KPMG's ESG Due Diligence Framework is designed to support private equity firms and corporates in the transaction context and supports the sustainable development of ESG profiles of portfolio companies through the recurring ESG assessment. The integrated ESG due diligence framework created by KPMG includes both the assessment of the legally required qualitative requirements and the recording of the legally required quantitative KPIs and PAIs.
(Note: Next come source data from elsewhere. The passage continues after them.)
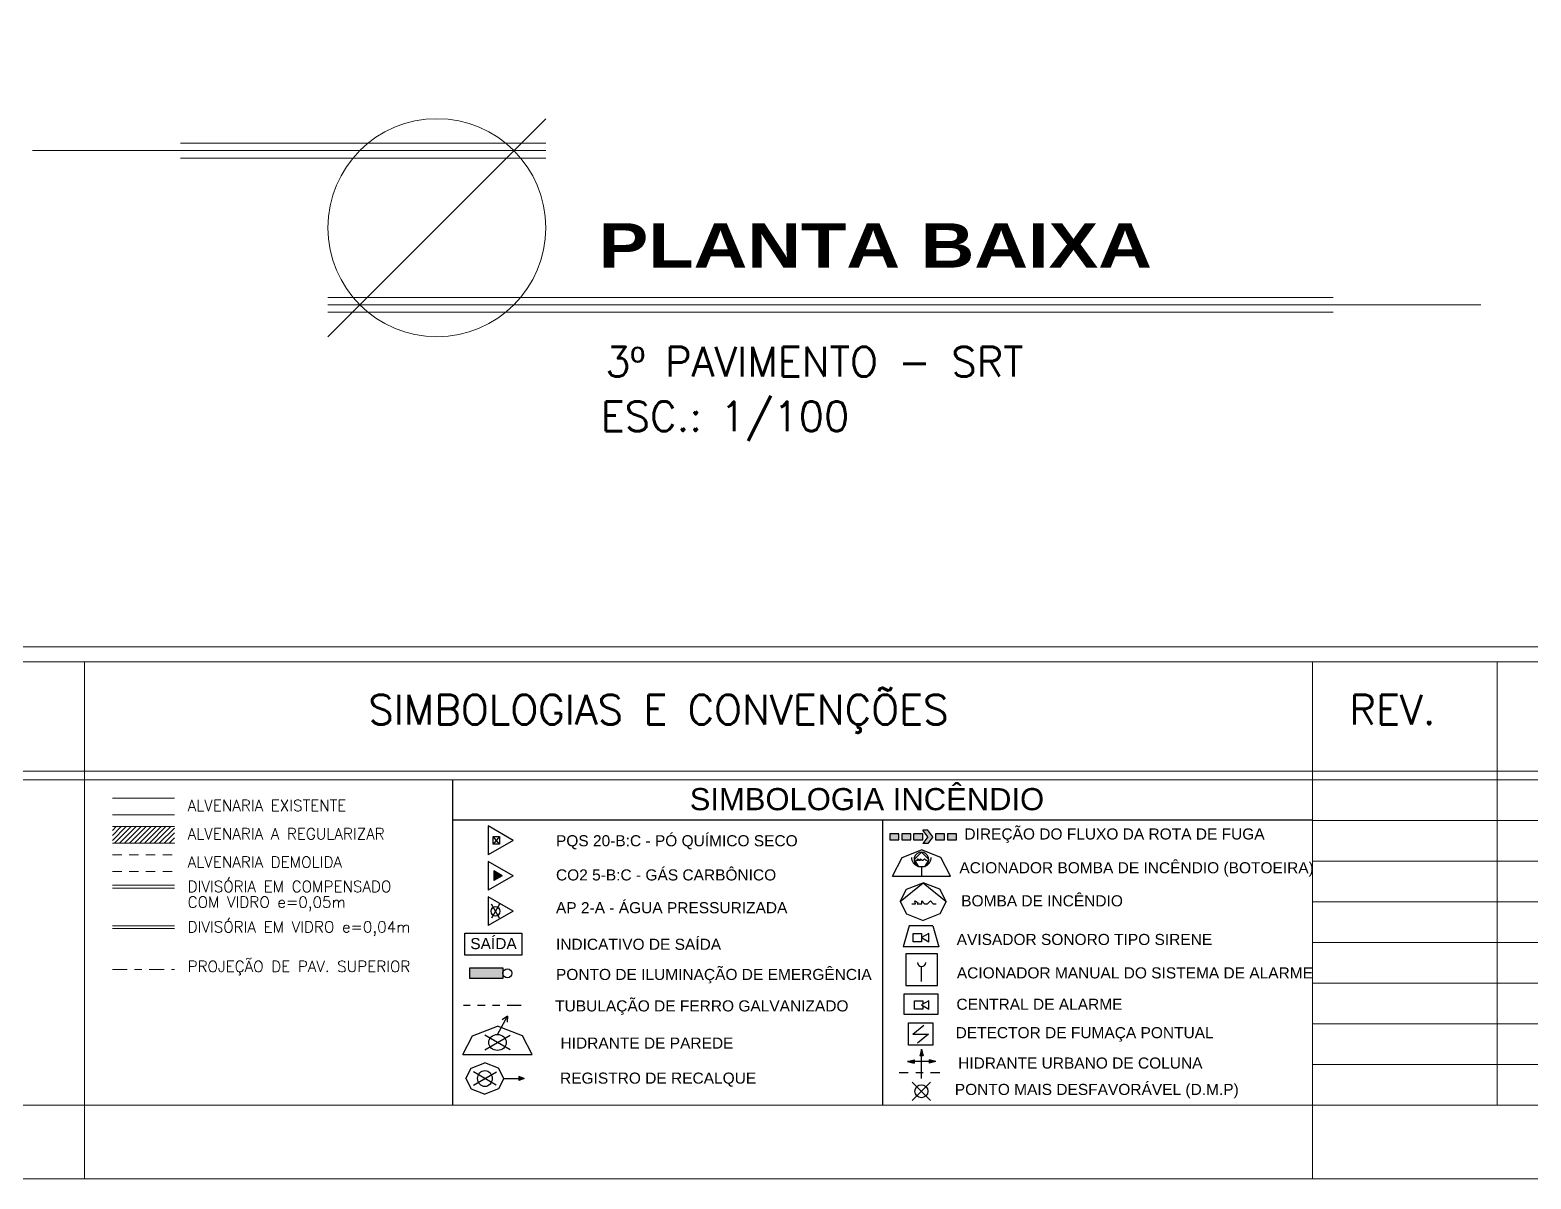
# Model space of a CAD drawing. Header units: millimetres. Extents: x 521 to 1055, y 261 to 520.
# Drawn here: x 563.24 to 583.56, y 348.6 to 364.15 of the extents above; entities that cross this region are included whole.
import ezdxf

# ---------------------------------------------------------------- set-up
doc = ezdxf.new("R2010")
doc.units = ezdxf.units.MM
for name, pattern in [('BORDER', [44.45, 12.7, -6.35, 12.7, -6.35, 0, -6.35]), ('CONTINU', [0]), ('DASHDOT', [1, 0.5, -0.25, 0, -0.25]), ('DIVIDE2', [15.875, 6.35, -3.175, 0, -3.175, 0, -3.175]), ('HIDDEN', [9.525, 6.35, -3.175])]:
    doc.linetypes.add(name, pattern=pattern)
doc.layers.add('0.1', color=8, linetype='Continuous', lineweight=13)
doc.layers.add('ppci', color=8, linetype='Continuous')
doc.styles.add('80X50', font='romans.shx')
doc.styles.add('ARCHISTUDIOPADRÃO', font='arial.ttf', dxfattribs={"height": 0.02})
doc.styles.add('ROMANS', font='romans')
doc.styles.add('SANSSERIFBOLD', font='sasb____.pfb', dxfattribs={"width": 1.2, "height": 0.6})
doc.styles.get("Standard").update_dxf_attribs({"font": 'romans.shx'})
doc.styles.add('STYLE1', font='sanss___.ttf')

# ---------------------------------------------------------------- blocks, each defined once
blk = doc.blocks.new('TITU-2')
at = {"color": 1}
for p, q in [((0.01475, 0.01475), (-0.01475, -0.01475)), ((-0.03471, 0.01043), (-0.05471, 0.01043)), ((0.01475, 0.01143), (-0.03471, 0.01143)), ((0.01475, 0.00943), (-0.03471, 0.00943)), ((-0.01475, -0.00943), (0.1213, -0.00943)), ((-0.01475, -0.01143), (0.1213, -0.01143)), ((0.1413, -0.01043), (0.1213, -0.01043))]:
    blk.add_line(p, q, dxfattribs=at)
at = {"color": 7}
for p, q in [((0.01475, 0.01043), (-0.03471, 0.01043)), ((-0.01475, -0.01043), (0.1213, -0.01043))]:
    blk.add_line(p, q, dxfattribs=at)
at = {"color": 1}
blk.add_circle((0, 0), 0.01475, dxfattribs=at)
at = {"color": 4}
blk.add_text('ESC.:', height=0.004, dxfattribs=at).set_placement((0.02216, -0.02752))
at = {"color": 8, "style": 'SANSSERIFBOLD', "width": 1.2}
blk.add_attdef('FACHADA', (0.0219, -0.0054), '', height=0.006, dxfattribs=at)
at = {"color": 4}
for tag, p in [('FACHADA', (0.0228, -0.02014)), ('0/0', (0.03834, -0.02752))]:
    blk.add_attdef(tag, p, '', height=0.004, dxfattribs=at)

msp = doc.modelspace()

# ---------------------------------------------------------------- hatches: boundary and pattern name
at = {"layer": '0.1'}
h = msp.add_hatch(dxfattribs=at)
h.set_pattern_fill('ANSI31', color=8, scale=0.015, style=0)
h.set_pattern_definition([(45, (140.994853, 23.039227), (-0.0336759605, 0.0336759605), [])])
h.paths.add_polyline_path([(565.1968, 353.37227), (564.35616, 353.37227), (564.35616, 353.14727), (565.1968, 353.14727)])
at = {"layer": 'ppci', "linetype": 'Continuous'}
h = msp.add_hatch(color=10, dxfattribs=at)
h.paths.add_polyline_path([(575.00031, 353.19455), (575.00031, 353.27386), (574.87686, 353.27386), (574.87686, 353.19455)])
h.paths.add_polyline_path([(575.03878, 353.27386), (575.03878, 353.19455), (575.16224, 353.19455), (575.16224, 353.27386)])
h.paths.add_polyline_path([(575.20071, 353.19455), (575.32416, 353.19455), (575.32416, 353.27386), (575.20071, 353.27386)])
h.paths.add_polyline_path([(575.39105, 353.32542), (575.32597, 353.32542), (575.3948, 353.2342), (575.32597, 353.14299), (575.39105, 353.14299), (575.45987, 353.2342)])
h.paths.add_polyline_path([(575.49501, 353.27386), (575.49501, 353.19455), (575.61847, 353.19455), (575.61847, 353.27386)])
h.paths.add_polyline_path([(575.78039, 353.27386), (575.65694, 353.27386), (575.65694, 353.19455), (575.78039, 353.19455)])
at = {"layer": 'ppci'}
for points in [[(569.63014, 352.70571), (569.51739, 352.77081), (569.51739, 352.64062)], [(569.64213, 351.31569), (569.64213, 351.45818), (569.1936, 351.45818), (569.1936, 351.31569)]]:
    msp.add_hatch(color=10, dxfattribs=at).paths.add_polyline_path(points)
h = msp.add_hatch(color=10, dxfattribs=at)
h.paths.add_polyline_path([(575.30914, 350.26851), (575.33185, 350.26851), (575.30914, 350.35868)])
h.paths.add_polyline_path([(575.30914, 350.35868), (575.28644, 350.26851), (575.30914, 350.26851)])
h = msp.add_hatch(color=10, dxfattribs=at)
h.paths.add_polyline_path([(575.20566, 350.1916), (575.20566, 350.21431), (575.11549, 350.1916)])
h.paths.add_polyline_path([(575.11549, 350.1916), (575.20566, 350.1689), (575.20566, 350.1916)])
h = msp.add_hatch(color=10, dxfattribs=at)
h.paths.add_polyline_path([(575.41263, 350.1916), (575.41263, 350.21431), (575.5028, 350.1916)])
h.paths.add_polyline_path([(575.5028, 350.1916), (575.41263, 350.1689), (575.41263, 350.1916)])
at = {"layer": 'ppci', "linetype": 'Continuous'}
h = msp.add_hatch(color=10, dxfattribs=at)
h.paths.add_polyline_path([(569.92918, 349.96218), (569.85819, 349.98812), (569.85819, 349.96218)])
h.paths.add_polyline_path([(569.92918, 349.96218), (569.85819, 349.96218), (569.85819, 349.93625)])

# ---------------------------------------------------------------- linework, layer by layer
at = {"layer": '0.1', "color": 8}
for p, q in [((563.97941, 355.60294), (563.97941, 348.60294)), ((580.59941, 355.60294), (580.59941, 348.60294)), ((583.09941, 355.60294), (583.09941, 349.60294)), ((547.35941, 354.12294), (597.21941, 354.12294)), ((547.35941, 354.00294), (597.21941, 354.00294)), ((580.59941, 353.45294), (597.21941, 353.45294)), ((580.59941, 352.90294), (630.35941, 352.90294)), ((580.59941, 352.35294), (597.21941, 352.35294)), ((580.59941, 351.80294), (630.35941, 351.80294)), ((580.59941, 351.25294), (597.21941, 351.25294)), ((580.59941, 350.70294), (630.35941, 350.70294)), ((580.59941, 350.15294), (597.21941, 350.15294))]:
    msp.add_line(p, q, dxfattribs=at)
at = {"layer": '0.1', "color": 8, "linetype": 'CONTINU', "lineweight": -2}
for p, q in [((568.96279, 349.60294), (568.96279, 354.00294)), ((580.59941, 353.4608), (568.96279, 353.4608)), ((574.7811, 353.4608), (574.7811, 349.60294))]:
    msp.add_line(p, q, dxfattribs=at)
at = {"layer": '0.1', "color": 7}
for p, q in [((564.35616, 353.75495), (565.1968, 353.75495)), ((564.35616, 353.52995), (565.1968, 353.52995)), ((564.35616, 353.37227), (565.1968, 353.37227)), ((564.35616, 353.14727), (565.1968, 353.14727))]:
    msp.add_line(p, q, dxfattribs=at)
at = {"layer": '0.1', "color": 8, "linetype": 'HIDDEN', "ltscale": 0.02}
for p, q in [((564.35616, 352.98958), (565.1968, 352.98958)), ((564.35616, 352.76458), (565.1968, 352.76458))]:
    msp.add_line(p, q, dxfattribs=at)
at = {"layer": '0.1', "color": 8, "linetype": 'Continuous', "ltscale": 0.02}
for p, q in [((564.35616, 352.57691), (565.1968, 352.57691)), ((564.35616, 352.53941), (565.1968, 352.53941)), ((564.35616, 352.02901), (565.1968, 352.02901)), ((564.35616, 351.99151), (565.1968, 351.99151))]:
    msp.add_line(p, q, dxfattribs=at)
at = {"layer": '0.1', "color": 8, "linetype": 'DASHDOT', "ltscale": 0.4}
msp.add_line((564.35616, 351.43816), (565.1968, 351.43816), dxfattribs=at)
at = {"layer": '0.1', "color": 8}
for points in [[(646.97941, 432.60294), (520.77502, 432.60294), (520.77502, 348.60294), (646.97941, 348.60294)], [(523.27502, 349.60294), (523.27502, 431.60294), (645.97941, 431.60294), (645.97941, 349.60294)]]:
    msp.add_lwpolyline(points, close=True, dxfattribs=at)
msp.add_lwpolyline([(630.15941, 430.40294, 0.41421356), (629.15941, 431.40294), (524.47502, 431.40294, 0.41421356), (523.47502, 430.40294), (523.47502, 356.80294, 0.41421356), (524.47502, 355.80294), (629.15941, 355.80294, 0.41421356), (630.15941, 356.80294)], format="xyb", close=True, dxfattribs=at)
msp.add_lwpolyline([(523.27502, 355.60294), (645.97941, 355.60294)], dxfattribs=at)
at = {"layer": 'ppci', "color": 10, "linetype": 'Continuous'}
for p, q in [((569.44239, 353.38025), (569.44239, 352.99025)), ((569.78014, 353.18525), (569.44239, 353.38025)), ((575.3948, 353.2342), (575.32597, 353.32542)), ((575.39105, 353.32542), (575.32597, 353.32542)), ((575.45987, 353.2342), (575.39105, 353.32542)), ((569.78014, 353.18525), (569.44239, 352.99025)), ((575.3948, 353.2342), (575.32597, 353.14299)), ((575.39105, 353.14299), (575.32597, 353.14299)), ((575.45987, 353.2342), (575.39105, 353.14299)), ((569.44239, 352.90071), (569.44239, 352.51071)), ((569.78014, 352.70571), (569.44239, 352.90071)), ((574.91262, 352.70257), (575.04332, 352.95353)), ((575.04332, 352.95353), (575.30589, 353.0557)), ((575.56847, 352.95353), (575.30589, 353.0557)), ((575.69917, 352.70257), (575.56847, 352.95353)), ((569.78014, 352.70571), (569.44239, 352.51071)), ((569.51739, 352.77081), (569.51739, 352.64062)), ((569.63014, 352.70571), (569.51739, 352.77081)), ((569.63014, 352.70571), (569.51739, 352.64062)), ((574.91262, 352.70257), (575.69917, 352.70257)), ((575.01862, 352.35695), (575.10557, 352.52391)), ((575.10557, 352.52391), (575.33015, 352.6113)), ((575.55474, 352.52391), (575.33015, 352.6113)), ((575.64168, 352.35695), (575.55474, 352.52391)), ((569.44239, 352.42118), (569.44239, 352.03118)), ((569.78014, 352.22618), (569.44239, 352.42118)), ((575.01862, 352.35695), (575.10557, 352.18999)), ((575.64168, 352.35695), (575.55474, 352.18999)), ((569.78014, 352.22618), (569.44239, 352.03118)), ((575.10557, 352.18999), (575.33015, 352.1026)), ((575.55474, 352.18999), (575.33015, 352.1026)), ((575.13993, 352.02982), (575.05965, 351.74594)), ((575.46105, 352.02982), (575.13993, 352.02982)), ((575.46105, 352.02982), (575.54133, 351.74594)), ((575.54133, 351.74594), (575.05965, 351.74594)), ((575.30815, 351.27652), (575.30815, 351.4769)), ((569.23131, 350.54035), (569.56888, 350.67171)), ((569.56888, 350.55857), (569.70182, 350.80823)), ((569.90646, 350.54035), (569.56888, 350.67171)), ((569.70182, 350.80823), (569.63266, 350.7581)), ((569.70182, 350.80823), (569.69883, 350.72286)), ((575.18968, 350.56423), (575.33854, 350.68615)), ((569.10061, 350.28939), (569.23131, 350.54035)), ((569.39842, 350.3523), (569.73947, 350.54921)), ((569.73898, 350.35252), (569.39851, 350.54908)), ((570.03715, 350.28939), (569.90646, 350.54035)), ((575.18968, 350.56423), (575.40077, 350.56423)), ((575.40077, 350.56423), (575.25192, 350.4423)), ((569.10061, 350.28939), (570.03715, 350.28939)), ((569.14034, 349.96218), (569.21227, 350.1003)), ((569.21227, 350.1003), (569.39806, 350.1726)), ((569.24287, 349.87261), (569.55323, 350.0518)), ((569.55278, 349.87281), (569.24296, 350.05169)), ((569.58385, 350.1003), (569.39806, 350.1726)), ((569.65578, 349.96218), (569.58385, 350.1003)), ((569.14034, 349.96218), (569.21227, 349.82406)), ((569.21227, 349.82406), (569.39806, 349.75177)), ((569.58385, 349.82406), (569.39806, 349.75177)), ((569.65578, 349.96218), (569.58385, 349.82406)), ((569.65578, 349.96218), (569.92918, 349.96218)), ((569.92918, 349.96218), (569.85819, 349.98812)), ((569.85819, 349.98812), (569.85819, 349.93625)), ((569.92918, 349.96218), (569.85819, 349.93625))]:
    msp.add_line(p, q, dxfattribs=at)
at = {"layer": 'ppci', "color": 10}
for p, q in [((569.5938, 353.23863), (569.50932, 353.13188)), ((569.5938, 353.13188), (569.50932, 353.23863)), ((575.30589, 353.02515), (575.20586, 352.92512)), ((575.20586, 352.92512), (575.26422, 352.82508)), ((575.23413, 352.91778), (575.25707, 352.91778)), ((575.25707, 352.91778), (575.25227, 352.93695)), ((575.25227, 352.93695), (575.27012, 352.92635)), ((575.27012, 352.92635), (575.26699, 352.91778)), ((575.26699, 352.91778), (575.295, 352.91778)), ((575.295, 352.91778), (575.295, 352.93695)), ((575.295, 352.93695), (575.31223, 352.91778)), ((575.40593, 352.92512), (575.30589, 353.02515)), ((575.31223, 352.91778), (575.32993, 352.91778)), ((575.34717, 352.93695), (575.32993, 352.91778)), ((575.34717, 352.93695), (575.3644, 352.91778)), ((575.40593, 352.92512), (575.34757, 352.82508)), ((575.3644, 352.91778), (575.38189, 352.91778)), ((575.34757, 352.82508), (575.26422, 352.82508)), ((575.30589, 352.82508), (575.30589, 352.70257)), ((575.01862, 352.35695), (575.33015, 352.6113)), ((575.33015, 352.6113), (575.64168, 352.35695)), ((569.59601, 352.13147), (569.48661, 352.32094)), ((569.59589, 352.32066), (569.48668, 352.13152)), ((575.17576, 352.32518), (575.22674, 352.32518)), ((575.21608, 352.36777), (575.25575, 352.3442)), ((575.22674, 352.32518), (575.21608, 352.36777)), ((575.25575, 352.3442), (575.24878, 352.32518)), ((575.24878, 352.32518), (575.31104, 352.32518)), ((575.31104, 352.32518), (575.31104, 352.36777)), ((575.31104, 352.36777), (575.34933, 352.32518)), ((575.34933, 352.32518), (575.38867, 352.32518)), ((575.42696, 352.36777), (575.38867, 352.32518)), ((575.42696, 352.36777), (575.46525, 352.32518)), ((575.46525, 352.32518), (575.50412, 352.32518)), ((575.40753, 351.92706), (575.30625, 351.8707)), ((575.30625, 351.8707), (575.40753, 351.81435)), ((575.40753, 351.81435), (575.40753, 351.92706)), ((575.40733, 351.0145), (575.30605, 350.95814)), ((575.30605, 350.95814), (575.40733, 350.90179)), ((575.40733, 350.90179), (575.40733, 351.0145)), ((575.30914, 350.35868), (575.28644, 350.26851)), ((575.33185, 350.26851), (575.28644, 350.26851)), ((575.30914, 349.96051), (575.30914, 350.35868)), ((575.30914, 350.35868), (575.33185, 350.26851)), ((575.11549, 350.1916), (575.20566, 350.21431)), ((575.5028, 350.1916), (575.11549, 350.1916)), ((575.11549, 350.1916), (575.20566, 350.1689)), ((575.20566, 350.21431), (575.20566, 350.1689)), ((575.5028, 350.1916), (575.41263, 350.21431)), ((575.41263, 350.21431), (575.41263, 350.1689)), ((575.5028, 350.1916), (575.41263, 350.1689)), ((575.4299, 349.66672), (575.18183, 349.9148)), ((575.18183, 349.66672), (575.4299, 349.9148))]:
    msp.add_line(p, q, dxfattribs=at)
at = {"layer": 'ppci', "color": 12, "linetype": 'DIVIDE2', "ltscale": 0.03}
msp.add_line((569.89, 350.94916), (569.10906, 350.94916), dxfattribs=at)
at = {"layer": 'ppci', "color": 10, "linetype": 'DASHDOT', "ltscale": 0.25}
msp.add_line((575.00374, 350.0451), (575.61454, 350.0451), dxfattribs=at)
at = {"layer": 'ppci', "color": 10, "linetype": 'Continuous'}
for points in [[(575.00031, 353.27386), (574.87686, 353.27386), (574.87686, 353.19455), (575.00031, 353.19455)], [(575.16224, 353.27386), (575.03878, 353.27386), (575.03878, 353.19455), (575.16224, 353.19455)], [(575.32416, 353.27386), (575.20071, 353.27386), (575.20071, 353.19455), (575.32416, 353.19455)], [(575.61847, 353.27386), (575.49501, 353.27386), (575.49501, 353.19455), (575.61847, 353.19455)], [(575.78039, 353.27386), (575.65694, 353.27386), (575.65694, 353.19455), (575.78039, 353.19455)], [(569.12762, 351.92881), (569.89644, 351.92881), (569.89644, 351.63089), (569.12762, 351.63089)], [(575.09468, 351.2206), (575.52162, 351.2206), (575.52162, 351.64753), (575.09468, 351.64753)], [(575.07303, 351.10684), (575.5278, 351.10684), (575.5278, 350.83051), (575.07303, 350.83051)], [(575.13031, 350.71607), (575.46014, 350.71607), (575.46014, 350.41239), (575.13031, 350.41239)]]:
    msp.add_lwpolyline(points, close=True, dxfattribs=at)
at = {"layer": 'ppci', "color": 10}
for points in [[(569.50932, 353.23863), (569.5938, 353.23863), (569.5938, 353.13188), (569.50932, 353.13188)], [(575.19345, 351.92706), (575.30625, 351.92706), (575.30625, 351.81435), (575.19345, 351.81435)], [(569.1936, 351.31569), (569.1936, 351.45818), (569.64213, 351.45818), (569.64213, 351.31569)]]:
    msp.add_lwpolyline(points, close=True, dxfattribs=at)
msp.add_lwpolyline([(575.32418, 350.94805), (575.32418, 350.90179), (575.21139, 350.90179), (575.21139, 351.0145), (575.32418, 351.0145), (575.32418, 350.96823)], dxfattribs=at)
for centre, radius in [((569.7033, 351.38693), 0.06117), ((575.30587, 349.79076), 0.08771)]:
    msp.add_circle(centre, radius, dxfattribs=at)
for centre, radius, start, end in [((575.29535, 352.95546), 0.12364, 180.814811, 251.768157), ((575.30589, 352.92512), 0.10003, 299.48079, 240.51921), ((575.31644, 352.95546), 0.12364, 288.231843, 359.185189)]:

KPMG's robust and flexible ESG due diligence framework enables a transparent and holistic presentation of a company, provides a clear scope and can be used for both a "high-level" ESG assessment and a "deep-dive" ESG assessment.

Your advantages at a glance

  • Identification of ESG risks and opportunities: Early identification of ESG risks and opportunities within buy-side and sell-side transactions to take action to improve value-critical issues and uncover value creation potential.
  • Risk mitigation: Mitigation and minimisation of legal, financial and reputational risks identified in relation to environmental, social and governance factors within the company, suppliers and partners.
  • Fulfilment of requirements: Identification of the requirements to be met and complied with by investors or companies and their suppliers and partners that are subject to the increasing ESG factors and regulations.
  • Creating transparency: Creating or increasing transparency by disclosing the necessary ESG key figures and implemented measures.
  • Improved decision-making: Informed decision-making through a comprehensive assessment of a company's ESG performance and in the selection of suppliers and partners.
  • Improved reputation: Improved image of a company through visible initiatives with environmental, social and governance factors and commitment to sustainability.  
  • Increased value creation: Identifying opportunities and value creation potential of ESG factors, designing sustainable value creation approaches and increasing the value creation of companies. Ensuring ESG standards among suppliers and partners in order to minimise risks in the supply chain.
  • Increase the chance of a deal: ESG due diligence can help make transactions easier and more likely to close.